Federal regulators on Monday insisted they are equipped to oversee the new breed of jumbo banks.

Their predecessors were not so sure.

"I doubt regulators are ready at this point to supervise Citigroup or these latest institutions," said L. William Seidman, former Federal Deposit Insurance Corp. chairman. "It's a matter of preparing for increased complexity. They've got to develop expertise to evaluate systems and sensitivity models."

"This is a tremendous challenge," agreed Jo Ann S. Barefoot, another former supervisor who is now a partner at the consulting firm KPMG Barefoot Marrinan. "This will have regulators scrambling."

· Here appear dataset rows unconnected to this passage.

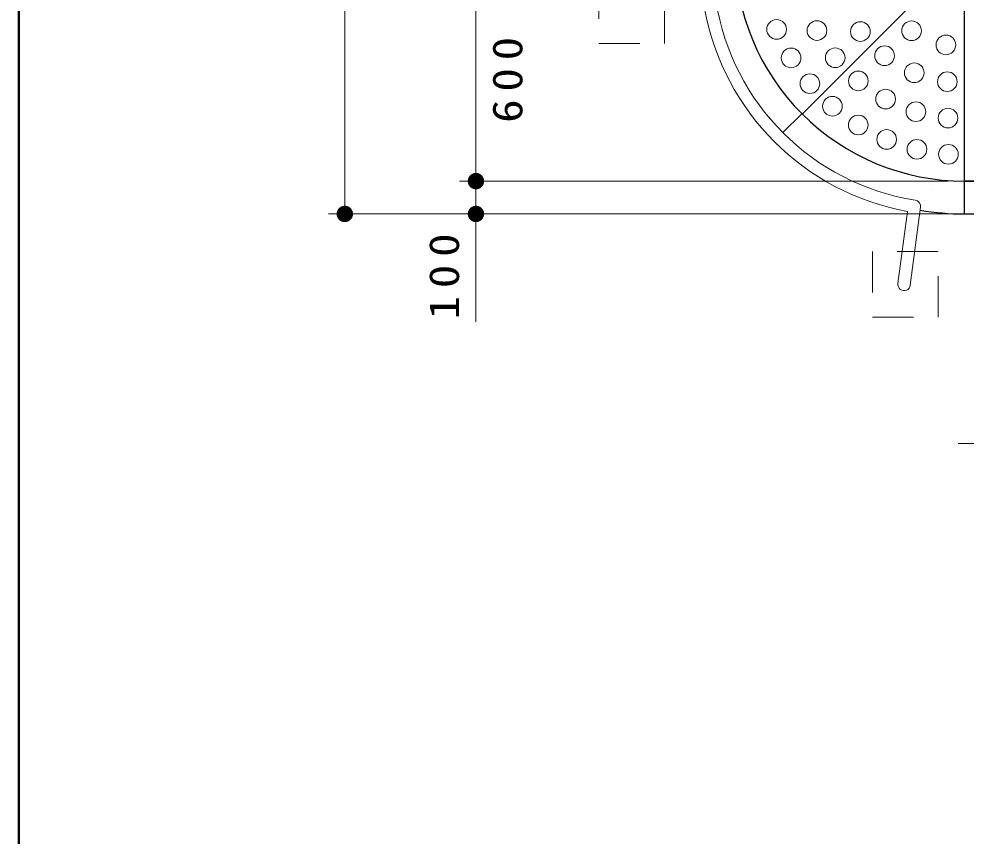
# Model space of a CAD drawing. Units: millimetres on the paper, scale 1:50. Extents: x -365 to 0, y -26 to 257.
# Drawn here: x -365 to -307.2, y 110 to 159.8 of the extents above; entities that cross this region are included whole.
import ezdxf

# ---------------------------------------------------------------- set-up
doc = ezdxf.new("R2010")
doc.units = ezdxf.units.MM
doc.linetypes.add('USER1', pattern=[4.5, 2.5, -2])
doc.linetypes.add('USER2', pattern=[6, 3, -1, 1, -1])
doc.layers.add('LY_1', color=7, linetype='Continuous', lineweight=13)
doc.layers.add('LY_3', color=7, linetype='Continuous', lineweight=13)
doc.styles.add('ＭＳ ゴシック', font='')
doc.styles.get('ＭＳ ゴシック').set_extended_font_data('MS Gothic')

# ---------------------------------------------------------------- blocks, each defined once
blk = doc.blocks.new('filled_dot')
at = {"color": 0, "linetype": 'Continuous', "lineweight": -2, "const_width": 1.25}
blk.add_lwpolyline([(-0.625, 0, 1), (0.625, 0, 1)], format="xyb", close=True, dxfattribs=at)

msp = doc.modelspace()

# ---------------------------------------------------------------- linework, layer by layer
at = {"layer": 'LY_1'}
for p, q in [((-345.12, 147.917), (-345.12, 227.917)), ((-337.12, 149.917), (-337.12, 161.917)), ((-308.32, 149.917), (-338.12, 149.917)), ((-337.12, 149.917), (-337.12, 141.342)), ((-309.321, 149.437), (-309.329, 149.438)), ((-309.78, 148.736), (-309.785, 148.736)), ((-308.32, 147.917), (-346.12, 147.917)), ((-310.798, 148.067), (-311.377, 143.666)), ((-309.996, 148.331), (-310.623, 143.567))]:
    msp.add_line(p, q, dxfattribs=at)
at = {"layer": 'LY_1', "lineweight": 25}
for p, q in [((-308.734, 162.502), (-317.223, 154.013)), ((-307.32, 149.917), (-307.32, 161.917)), ((-317.239, 154.029), (-318.393, 152.876)), ((-307.32, 147.917), (-307.32, 149.917)), ((-307.32, 149.917), (-295.32, 149.917)), ((-283.32, 149.917), (-307.32, 149.917)), ((-307.32, 147.917), (-307.32, 149.917)), ((-283.32, 149.917), (-307.32, 149.917)), ((-307.32, 147.917), (-304.788, 147.917))]:
    msp.add_line(p, q, dxfattribs=at)
at = {"layer": 'LY_1', "linetype": 'USER1'}
for p, q in [((-329.62, 162.317), (-329.62, 158.317)), ((-325.62, 158.317), (-325.62, 162.317)), ((-329.62, 158.317), (-325.62, 158.317)), ((-308.92, 145.617), (-312.92, 145.617)), ((-312.92, 145.617), (-312.92, 141.617)), ((-308.92, 141.617), (-308.92, 145.617)), ((-312.92, 141.617), (-308.92, 141.617))]:
    msp.add_line(p, q, dxfattribs=at)
at = {"layer": 'LY_1', "linetype": 'USER2'}
msp.add_line((-307.704, 133.917), (-301.696, 133.917), dxfattribs=at)
at = {"layer": 'LY_1', "color": 150}
for centre in [(-318.776, 159.171), (-316.316, 159.108), (-313.667, 159.047), (-310.542, 159.094), (-308.452, 158.228), (-317.893, 157.438), (-315.205, 157.446), (-312.19, 157.57), (-313.791, 156.032), (-310.382, 156.526), (-308.364, 155.985), (-316.749, 155.864), (-312.128, 154.921), (-315.373, 154.488), (-310.281, 154.156), (-308.32, 153.766), (-313.799, 153.344), (-312.065, 152.461), (-310.215, 151.859), (-308.293, 151.555)]:
    msp.add_circle(centre, 0.6, dxfattribs=at)
at = {"layer": 'LY_1', "lineweight": 25}
for radius, start in [(14, 179.99997), (16, 260.28288)]:
    msp.add_arc((-307.32, 163.917), radius, start, 269.99997, dxfattribs=at)
at = {"layer": 'LY_1'}
for centre, radius, start, end in [((-308.039, 163.198), 14.62, 188.95162, 261.01058), ((-308.039, 163.198), 15.38, 190.33239, 259.66756), ((-310.373, 148.38), 0.38, 352.49997, 82.49997), ((-311, 143.617), 0.38, 172.49997, 352.49997)]:
    msp.add_arc(centre, radius, start, end, dxfattribs=at)
at = {"layer": 'LY_3', "lineweight": 50}
msp.add_line((-365, 257), (-365, 0), dxfattribs=at)

# ---------------------------------------------------------------- block references
at = {"layer": 'LY_1', "xscale": 0.4, "yscale": 0.4}
for p, rotation in [((-337.12, 149.917), 90), ((-337.12, 149.917), 270), ((-345.12, 147.917), 90), ((-337.12, 147.917), 90)]:
    msp.add_blockref('filled_dot', p, dxfattribs=dict(at, rotation=rotation))

# ---------------------------------------------------------------- texts
at = {"layer": 'LY_1', "char_height": 1.833, "rotation": 90, "style": 'ＭＳ ゴシック'}
for s, insert, attachment_point in [('\\T1.33;\\W1.15;600', (-336.12, 156.333), 2), ('\\T1.33;\\W1.15;100', (-338.12, 144.342), 8)]:
    msp.add_mtext(s, dxfattribs=dict(at, insert=insert, attachment_point=attachment_point))

doc.saveas('drawing.dxf')

Ready or not, the megabanks keep coming.

On Monday, NationsBank Corp. and BankAmerica Corp. said they would combine to create a $570 billion-asset institution, while Banc One Corp. and First Chicago NBD Corp. said their merger would result in a $279 billion-asset company. Those two deals follow last week's stunning news that Citicorp and Travelers Group would combine to create a $698 billion- asset institution.

Four of the industry's largest deals are pending. The size of the banks being put together today eclipses anything regulators have had to handle. Once these mergers are complete, assets held by the five largest banks will total $2.1 trillion. Five years ago, the top five had $753 billion of assets.

Regulators, however, insisted Monday that they are prepared for the era of megabanks. "We see this as a big challenge," said J. Alfred Broaddus Jr., president of the Federal Reserve Bank of Richmond, which supervises NationsBank. "But I am confident we can meet that challenge. We need to execute our approach very carefully."

The agencies' relatively new "supervision by risk" program will play a key role, said Emory Wayne Rushton, senior deputy comptroller for bank supervision policy at the Office of the Comptroller of the Currency. Under the program, examiners zero in on parts of a bank most likely to cause a loss.

"This was one of the main reasons for going to risk-based exams," he said. "We had to get away from specific check-list approach to banking supervision."

Examiners will review how the giant banks collect, distribute, and analyze data about their operations, he said. If examiners detect trouble in one of these areas, they will delve further, he said.

The Comptroller's Office also restructured last year, transferring oversight of the 32 largest banks from regional offices to Washington. Mr. Rushton said this will let the agency keep tabs on the big banks, regardless of how many states they operate in.

Eugene A. Ludwig, who ended his five-year term as comptroller this month, said there are benefits to size, such as risk diversification. "Although this is large, it is just a plain-vanilla bank merger," he said of the NationsBank/BankAmerica deal.

But former regulators questioned whether these banks would be too big to effectively supervise.

Paul G. Fritts, a St. Louis-based consultant and former executive director of supervision at the FDIC, said it will be impossible for regulators to find problems until they are relatively large.

"Even at $200 billion (of assets) it's difficult," he said. At "$500 billion, it's impossible."

Mr. Seidman said regulators will be forced to defer more to the scores of analysts who feed the market's assessment of these companies.

The readiness of regulators elicited concern on Capitol Hill Monday. Rep. Marge Roukema, chairwoman of House Banking's financial institutions subcommittee, said she may hold hearings on the risks to taxpayers posed by megabanks mergers.

"The scope is far beyond anything we have had to address up until now," the New Jersey Republican said.